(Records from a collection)
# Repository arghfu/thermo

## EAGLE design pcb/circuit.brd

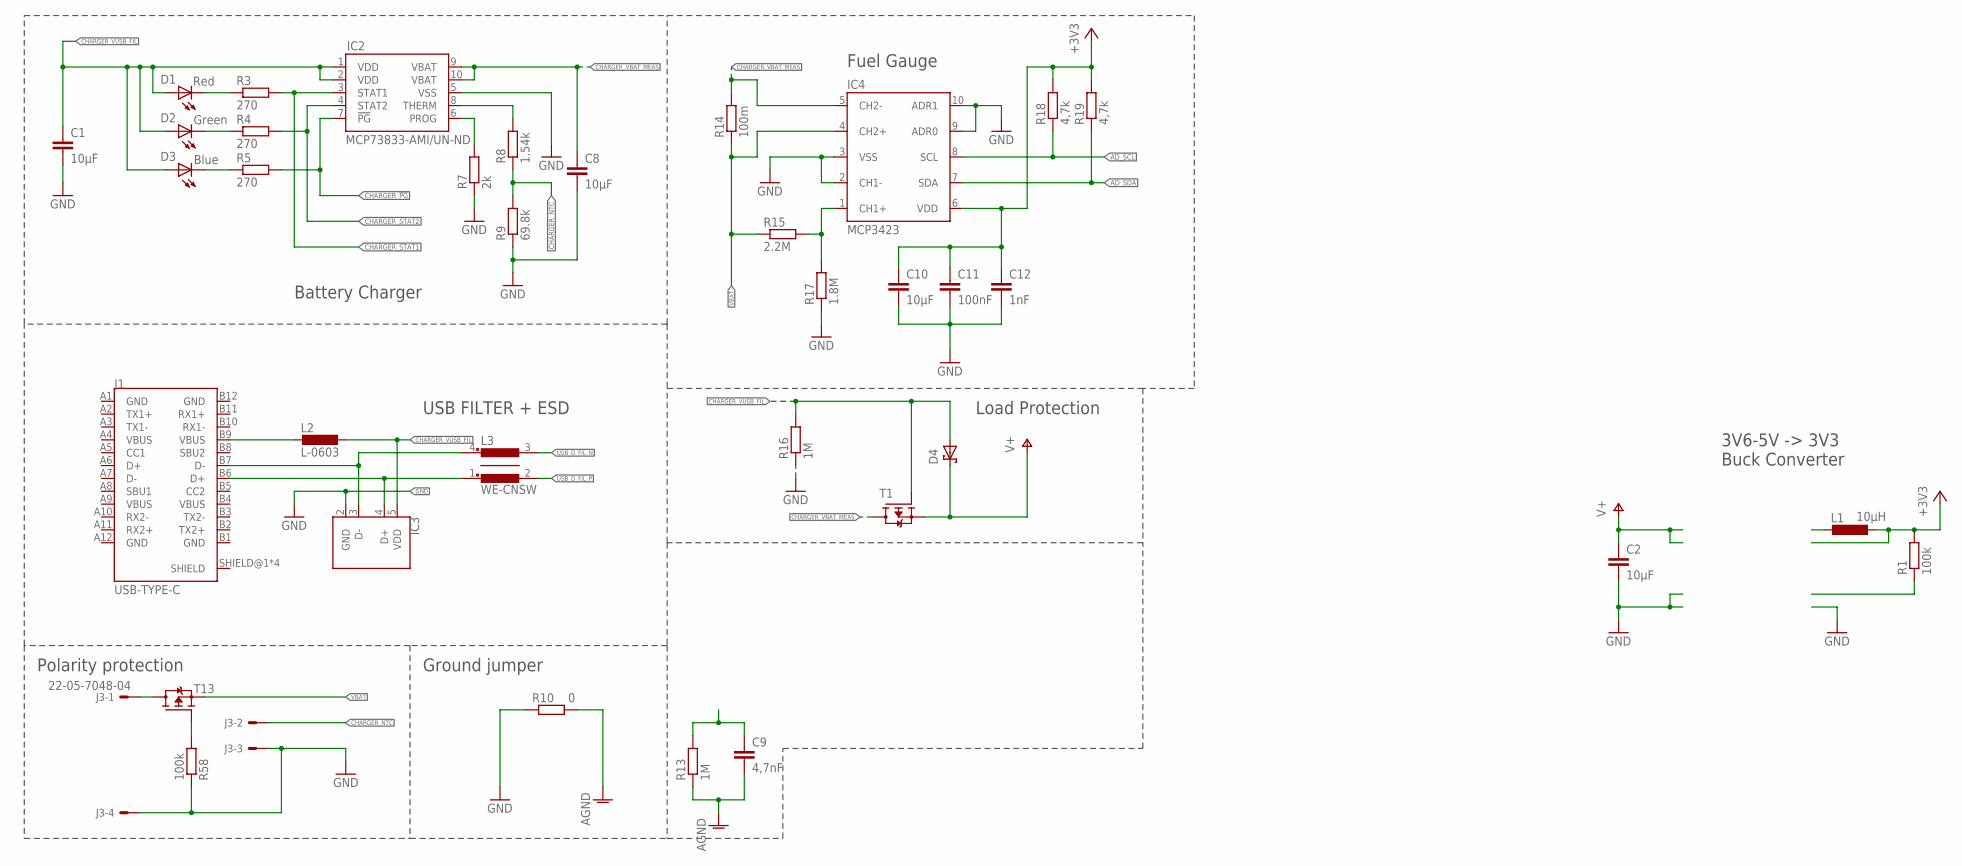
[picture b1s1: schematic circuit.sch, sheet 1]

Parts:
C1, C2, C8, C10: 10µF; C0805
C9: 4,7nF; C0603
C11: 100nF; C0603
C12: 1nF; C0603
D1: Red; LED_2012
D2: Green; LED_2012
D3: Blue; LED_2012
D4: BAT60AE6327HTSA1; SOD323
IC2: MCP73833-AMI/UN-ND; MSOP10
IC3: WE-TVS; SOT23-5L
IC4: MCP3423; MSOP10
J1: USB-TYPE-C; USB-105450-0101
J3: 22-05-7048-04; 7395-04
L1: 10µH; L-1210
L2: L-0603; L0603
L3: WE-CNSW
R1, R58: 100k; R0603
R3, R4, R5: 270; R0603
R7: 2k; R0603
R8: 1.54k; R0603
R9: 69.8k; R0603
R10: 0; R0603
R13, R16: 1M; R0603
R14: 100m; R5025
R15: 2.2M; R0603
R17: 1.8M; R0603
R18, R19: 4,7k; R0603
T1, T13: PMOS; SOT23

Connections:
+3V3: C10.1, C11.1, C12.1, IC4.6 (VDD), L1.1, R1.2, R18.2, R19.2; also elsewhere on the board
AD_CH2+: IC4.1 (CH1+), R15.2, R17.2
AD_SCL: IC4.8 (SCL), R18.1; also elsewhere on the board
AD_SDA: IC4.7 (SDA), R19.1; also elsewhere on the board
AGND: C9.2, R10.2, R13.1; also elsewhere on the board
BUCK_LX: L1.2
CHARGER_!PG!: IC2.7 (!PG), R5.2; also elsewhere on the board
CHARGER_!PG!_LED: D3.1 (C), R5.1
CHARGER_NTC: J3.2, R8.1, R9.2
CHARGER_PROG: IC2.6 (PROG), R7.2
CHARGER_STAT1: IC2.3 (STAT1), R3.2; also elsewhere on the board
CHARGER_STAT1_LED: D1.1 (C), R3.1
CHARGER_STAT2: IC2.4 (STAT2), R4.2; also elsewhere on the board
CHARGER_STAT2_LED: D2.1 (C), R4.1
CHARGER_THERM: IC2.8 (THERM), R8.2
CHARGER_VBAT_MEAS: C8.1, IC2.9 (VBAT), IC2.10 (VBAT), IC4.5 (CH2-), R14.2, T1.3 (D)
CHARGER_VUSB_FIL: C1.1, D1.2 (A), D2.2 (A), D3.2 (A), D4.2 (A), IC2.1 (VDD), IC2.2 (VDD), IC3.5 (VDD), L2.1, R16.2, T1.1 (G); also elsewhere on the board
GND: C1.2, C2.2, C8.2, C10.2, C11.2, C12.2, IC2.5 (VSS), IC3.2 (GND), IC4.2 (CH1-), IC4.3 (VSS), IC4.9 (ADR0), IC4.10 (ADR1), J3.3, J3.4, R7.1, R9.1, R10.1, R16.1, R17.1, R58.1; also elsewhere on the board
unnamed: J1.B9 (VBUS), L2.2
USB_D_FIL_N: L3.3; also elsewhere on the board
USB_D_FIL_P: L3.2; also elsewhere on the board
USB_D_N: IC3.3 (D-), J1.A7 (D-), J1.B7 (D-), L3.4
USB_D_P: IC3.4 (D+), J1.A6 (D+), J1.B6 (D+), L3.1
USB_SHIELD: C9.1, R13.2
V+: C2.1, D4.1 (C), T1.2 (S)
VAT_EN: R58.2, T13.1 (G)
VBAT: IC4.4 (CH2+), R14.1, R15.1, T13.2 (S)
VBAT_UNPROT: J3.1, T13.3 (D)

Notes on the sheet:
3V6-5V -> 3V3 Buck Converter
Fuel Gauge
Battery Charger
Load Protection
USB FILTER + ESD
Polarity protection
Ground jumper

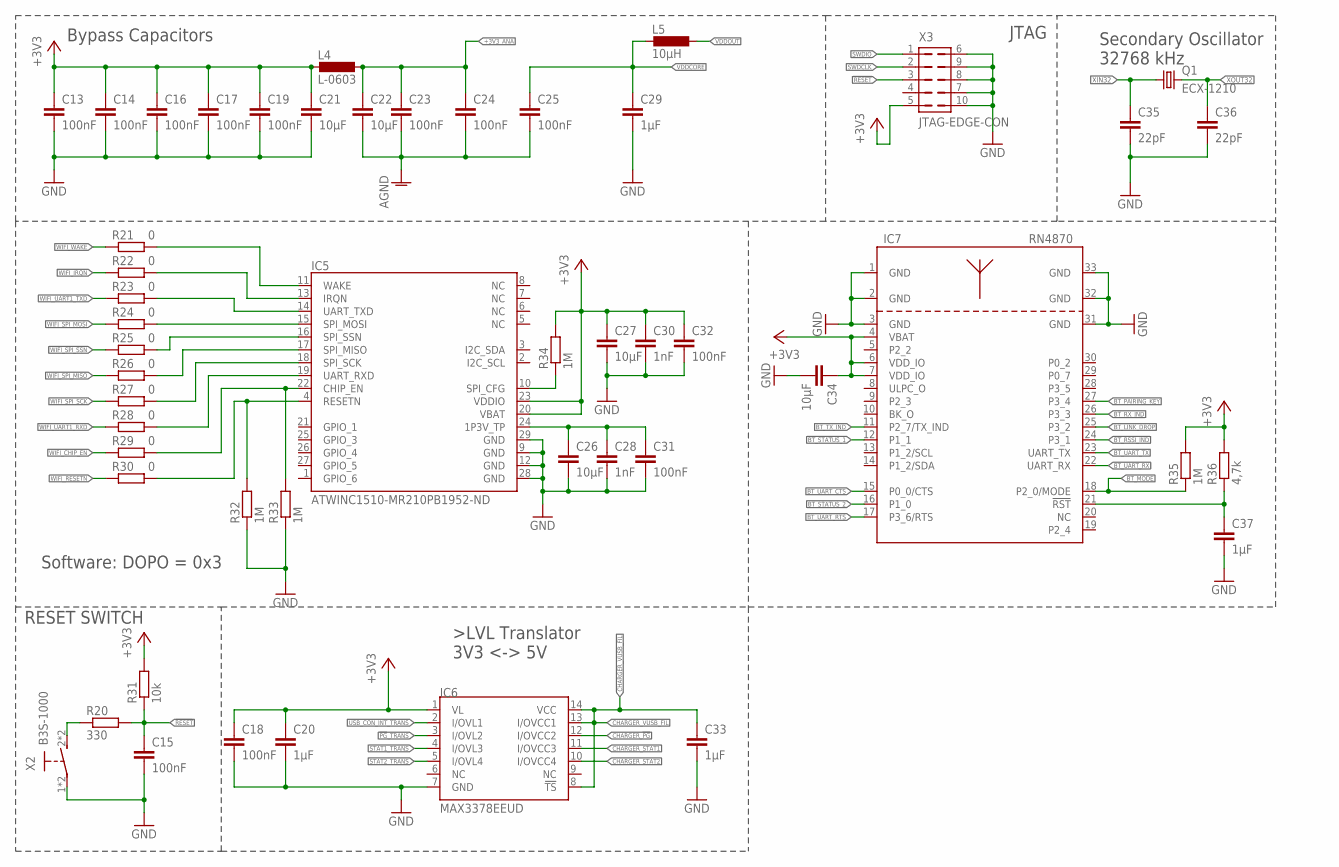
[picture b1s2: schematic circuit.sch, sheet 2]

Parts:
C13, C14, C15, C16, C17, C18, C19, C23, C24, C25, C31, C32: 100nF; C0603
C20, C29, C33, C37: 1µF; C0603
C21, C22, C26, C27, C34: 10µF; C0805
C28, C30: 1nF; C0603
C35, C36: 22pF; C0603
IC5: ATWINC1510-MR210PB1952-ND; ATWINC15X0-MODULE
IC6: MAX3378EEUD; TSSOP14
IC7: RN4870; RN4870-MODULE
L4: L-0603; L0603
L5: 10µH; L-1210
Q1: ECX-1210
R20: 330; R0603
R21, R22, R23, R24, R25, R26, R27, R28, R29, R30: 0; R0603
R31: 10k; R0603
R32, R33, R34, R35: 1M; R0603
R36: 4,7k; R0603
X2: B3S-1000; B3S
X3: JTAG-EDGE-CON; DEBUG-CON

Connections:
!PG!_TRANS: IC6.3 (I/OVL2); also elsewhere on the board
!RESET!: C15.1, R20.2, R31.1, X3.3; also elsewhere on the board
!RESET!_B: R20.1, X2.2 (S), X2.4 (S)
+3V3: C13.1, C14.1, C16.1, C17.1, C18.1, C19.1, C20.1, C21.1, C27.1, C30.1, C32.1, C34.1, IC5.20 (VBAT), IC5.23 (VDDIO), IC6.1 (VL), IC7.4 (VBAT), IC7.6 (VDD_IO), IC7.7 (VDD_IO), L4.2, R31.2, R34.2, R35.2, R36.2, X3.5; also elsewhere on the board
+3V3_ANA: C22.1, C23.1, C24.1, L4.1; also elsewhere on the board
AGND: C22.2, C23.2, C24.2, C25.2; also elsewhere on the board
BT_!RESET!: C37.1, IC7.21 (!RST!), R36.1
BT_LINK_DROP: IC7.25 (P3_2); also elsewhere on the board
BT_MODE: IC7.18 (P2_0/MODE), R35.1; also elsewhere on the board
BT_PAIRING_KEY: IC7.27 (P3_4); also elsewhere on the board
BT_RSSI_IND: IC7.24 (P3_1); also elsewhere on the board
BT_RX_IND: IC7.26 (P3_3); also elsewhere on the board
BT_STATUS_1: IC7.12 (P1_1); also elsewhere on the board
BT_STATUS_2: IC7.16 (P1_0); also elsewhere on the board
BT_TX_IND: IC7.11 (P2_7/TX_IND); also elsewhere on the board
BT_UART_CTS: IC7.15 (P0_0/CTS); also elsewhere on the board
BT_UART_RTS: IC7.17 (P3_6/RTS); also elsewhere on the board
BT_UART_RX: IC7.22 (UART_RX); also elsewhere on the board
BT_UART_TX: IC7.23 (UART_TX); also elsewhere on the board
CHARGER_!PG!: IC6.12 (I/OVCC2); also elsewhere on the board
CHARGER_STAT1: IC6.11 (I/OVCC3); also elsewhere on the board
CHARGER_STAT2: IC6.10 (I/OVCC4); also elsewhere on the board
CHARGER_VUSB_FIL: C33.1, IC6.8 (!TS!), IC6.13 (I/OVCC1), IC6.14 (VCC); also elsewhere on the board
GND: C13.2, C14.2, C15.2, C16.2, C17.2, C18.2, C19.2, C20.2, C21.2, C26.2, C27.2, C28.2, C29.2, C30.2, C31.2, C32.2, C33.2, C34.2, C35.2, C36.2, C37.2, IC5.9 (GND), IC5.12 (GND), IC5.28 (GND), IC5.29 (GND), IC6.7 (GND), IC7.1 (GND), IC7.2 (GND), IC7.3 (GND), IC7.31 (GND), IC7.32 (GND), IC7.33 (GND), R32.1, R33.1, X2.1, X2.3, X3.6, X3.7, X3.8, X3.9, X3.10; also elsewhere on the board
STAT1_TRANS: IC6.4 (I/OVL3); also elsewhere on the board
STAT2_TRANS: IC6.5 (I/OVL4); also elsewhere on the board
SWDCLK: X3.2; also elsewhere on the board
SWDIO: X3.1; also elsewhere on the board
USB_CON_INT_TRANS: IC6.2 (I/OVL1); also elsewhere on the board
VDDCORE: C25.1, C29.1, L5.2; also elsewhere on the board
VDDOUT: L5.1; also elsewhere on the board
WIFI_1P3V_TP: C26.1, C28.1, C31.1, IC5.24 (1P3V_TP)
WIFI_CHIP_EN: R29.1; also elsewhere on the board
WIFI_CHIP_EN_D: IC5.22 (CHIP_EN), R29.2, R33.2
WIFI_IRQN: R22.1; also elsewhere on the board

**WHAT YOU NEED TO DO:** Could you reproduce, exactly, every line above from the line with "BT_!RESET!: C37.1, IC7.21 (!RST!), R36.1" to the line with "SWDCLK: X3.2; also elsewhere on the board", and no other line? Both ends count.

**FINISHED TASK:**
BT_!RESET!: C37.1, IC7.21 (!RST!), R36.1
BT_LINK_DROP: IC7.25 (P3_2); also elsewhere on the board
BT_MODE: IC7.18 (P2_0/MODE), R35.1; also elsewhere on the board
BT_PAIRING_KEY: IC7.27 (P3_4); also elsewhere on the board
BT_RSSI_IND: IC7.24 (P3_1); also elsewhere on the board
BT_RX_IND: IC7.26 (P3_3); also elsewhere on the board
BT_STATUS_1: IC7.12 (P1_1); also elsewhere on the board
BT_STATUS_2: IC7.16 (P1_0); also elsewhere on the board
BT_TX_IND: IC7.11 (P2_7/TX_IND); also elsewhere on the board
BT_UART_CTS: IC7.15 (P0_0/CTS); also elsewhere on the board
BT_UART_RTS: IC7.17 (P3_6/RTS); also elsewhere on the board
BT_UART_RX: IC7.22 (UART_RX); also elsewhere on the board
BT_UART_TX: IC7.23 (UART_TX); also elsewhere on the board
CHARGER_!PG!: IC6.12 (I/OVCC2); also elsewhere on the board
CHARGER_STAT1: IC6.11 (I/OVCC3); also elsewhere on the board
CHARGER_STAT2: IC6.10 (I/OVCC4); also elsewhere on the board
CHARGER_VUSB_FIL: C33.1, IC6.8 (!TS!), IC6.13 (I/OVCC1), IC6.14 (VCC); also elsewhere on the board
GND: C13.2, C14.2, C15.2, C16.2, C17.2, C18.2, C19.2, C20.2, C21.2, C26.2, C27.2, C28.2, C29.2, C30.2, C31.2, C32.2, C33.2, C34.2, C35.2, C36.2, C37.2, IC5.9 (GND), IC5.12 (GND), IC5.28 (GND), IC5.29 (GND), IC6.7 (GND), IC7.1 (GND), IC7.2 (GND), IC7.3 (GND), IC7.31 (GND), IC7.32 (GND), IC7.33 (GND), R32.1, R33.1, X2.1, X2.3, X3.6, X3.7, X3.8, X3.9, X3.10; also elsewhere on the board
STAT1_TRANS: IC6.4 (I/OVL3); also elsewhere on the board
STAT2_TRANS: IC6.5 (I/OVL4); also elsewhere on the board
SWDCLK: X3.2; also elsewhere on the board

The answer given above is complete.